What did NetApp (NTAP) executive Elizabeth O'Callahan do in this Form 4 filing?

Elizabeth O'Callahan, NetApp's EVP and Chief Administrative Officer, reported selling 1,000 Common Shares. The shares were sold in an open-market transaction at $96.25 per share, and the sale was disclosed as a routine insider trade in the Form 4.

How many NetApp (NTAP) shares did Elizabeth O'Callahan sell and at what price?

She sold 1,000 NetApp Common Shares at a price of $96.25 per share. This open-market transaction reflects a relatively small sale size for a senior executive, rather than a large-scale disposal of her equity position.

How many NetApp (NTAP) shares does Elizabeth O'Callahan hold after this transaction?

After the sale, Elizabeth O'Callahan directly holds 19,382 NetApp Common Shares. This post-transaction balance shows she continues to maintain a meaningful equity stake in the company even after the reported open-market sale.

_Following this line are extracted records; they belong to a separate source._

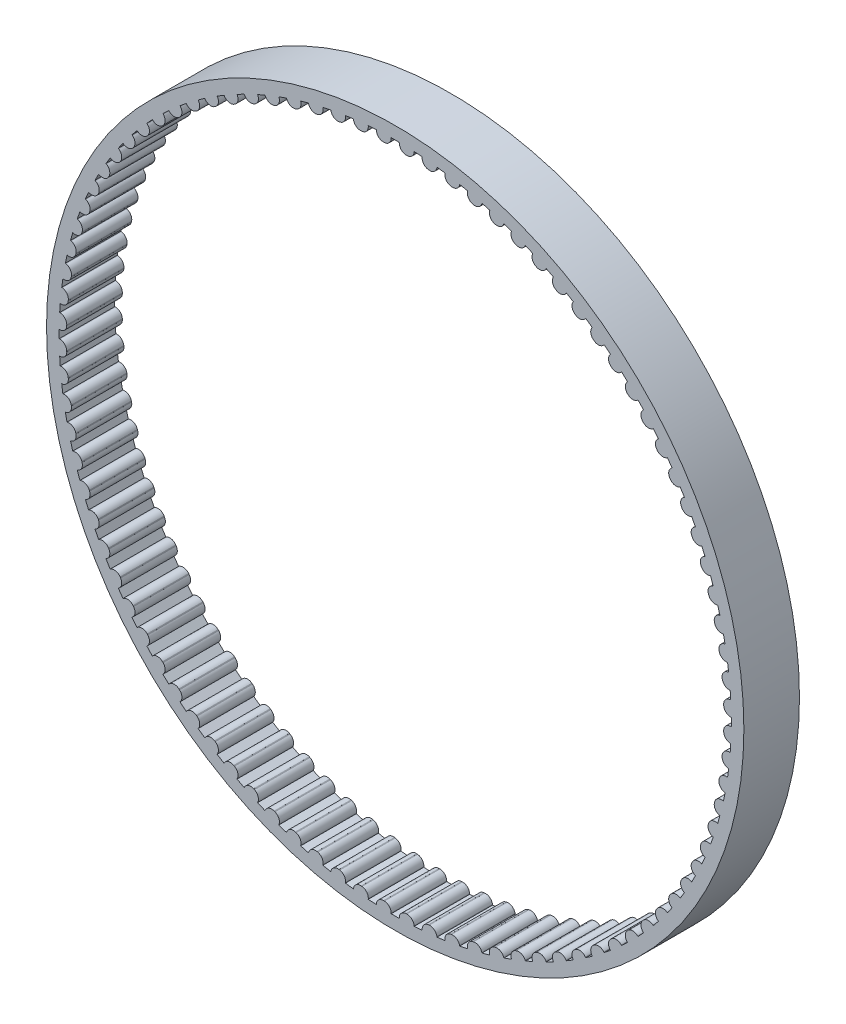
SolidWorks part; units mm, degrees
ref_plane "Front Plane" through (0, 0, 0) normal (0, 0, 1) x (1, 0, 0)
ref_plane "Top Plane" through (0, 0, 0) normal (0, 1, 0) x (1, 0, 0)
ref_plane "Right Plane" through (0, 0, 0) normal (1, 0, 0) x (0, 0, -1)
sketch "Sketch1" plane through (0, 0, 0) normal (0, 0, 1) x (1, 0, 0)
  line L0 (0, 35) -> (0, 37.5) construction
  circle A0 centre (0, 0) radius 32.5
  circle A1 centre (0, 0) radius 34.5
  dimension "D1" = 65
  dimension "D2" = 2
extrude "Boss-Extrude3" add sketch "Sketch1" along normal blind 5.5
sketch "Sketch4" plane through (0, 0, 5.5) normal (0, 0, 1) x (1, 0, 0)
  line L0 (0, 40.7249) -> (0, 15.5386) construction
  line L1 (-0.4, 33.1998) -> (-0.4, 33.25)
  line L2 (-0.4, 33.25) -> (0.4, 33.25)
  line L3 (0.4, 33.25) -> (0.4, 33.1998)
  line L4 (-3.0113, 32.5) -> (1.7241, 32.5) construction
  line L5 (-1.1023, 32.4998) -> (-1.15, 32.5)
  line L6 (-1.15, 32.5) -> (-1.15, 32)
  line L7 (-1.15, 32) -> (1.15, 32)
  line L8 (1.15, 32) -> (1.15, 32.5)
  line L9 (1.15, 32.5) -> (1.1023, 32.4998)
  circle A0 centre (0, 0) radius 32.5 construction
  circle A1 centre (0, 0) radius 32.5 construction
  arc A2 (1.1023, 32.4998) -> (0.4, 33.1998) centre (1.1, 33.1998) cw
  arc A3 (-1.1023, 32.4998) -> (-0.4, 33.1998) centre (-1.1, 33.1998) ccw
  point P9 (0, 33.25)
  point P20 (0.4, 32.4975)
  point P23 (-0.4, 32.4975)
  dimension "D4" = 0.7
  dimension "D1" = 0.8
  dimension "D2" = 0.75
  dimension "D3" = 0.75
  dimension "D5" = 0.5
extrude "Cut-Extrude1" cut sketch "Sketch4" against normal through all
ref_axis "Axis1" through (0, 0, 5.5) along (0, 0, -1)
pattern_circular "CirPattern1" count 92 over 360 about axis through (0, 0, 5.5) along (0, 0, -1) of "Cut-Extrude1"

Was the NetApp (NTAP) insider sale made under a Rule 10b5-1 trading plan?

Yes. The filing notes the transaction was effected under a Rule 10b5-1 trading plan adopted on November 29, 2024. Such pre-arranged plans schedule trades in advance, which typically reduces the significance of the exact timing of the sale.

Does the NetApp (NTAP) Form 4 involve options or only common stock?

This Form 4 reports a transaction in NetApp Common Shares only. The insider data show a non-derivative security titled “Common Shares” and there is no remaining derivative position listed in the derivative summary for this filing.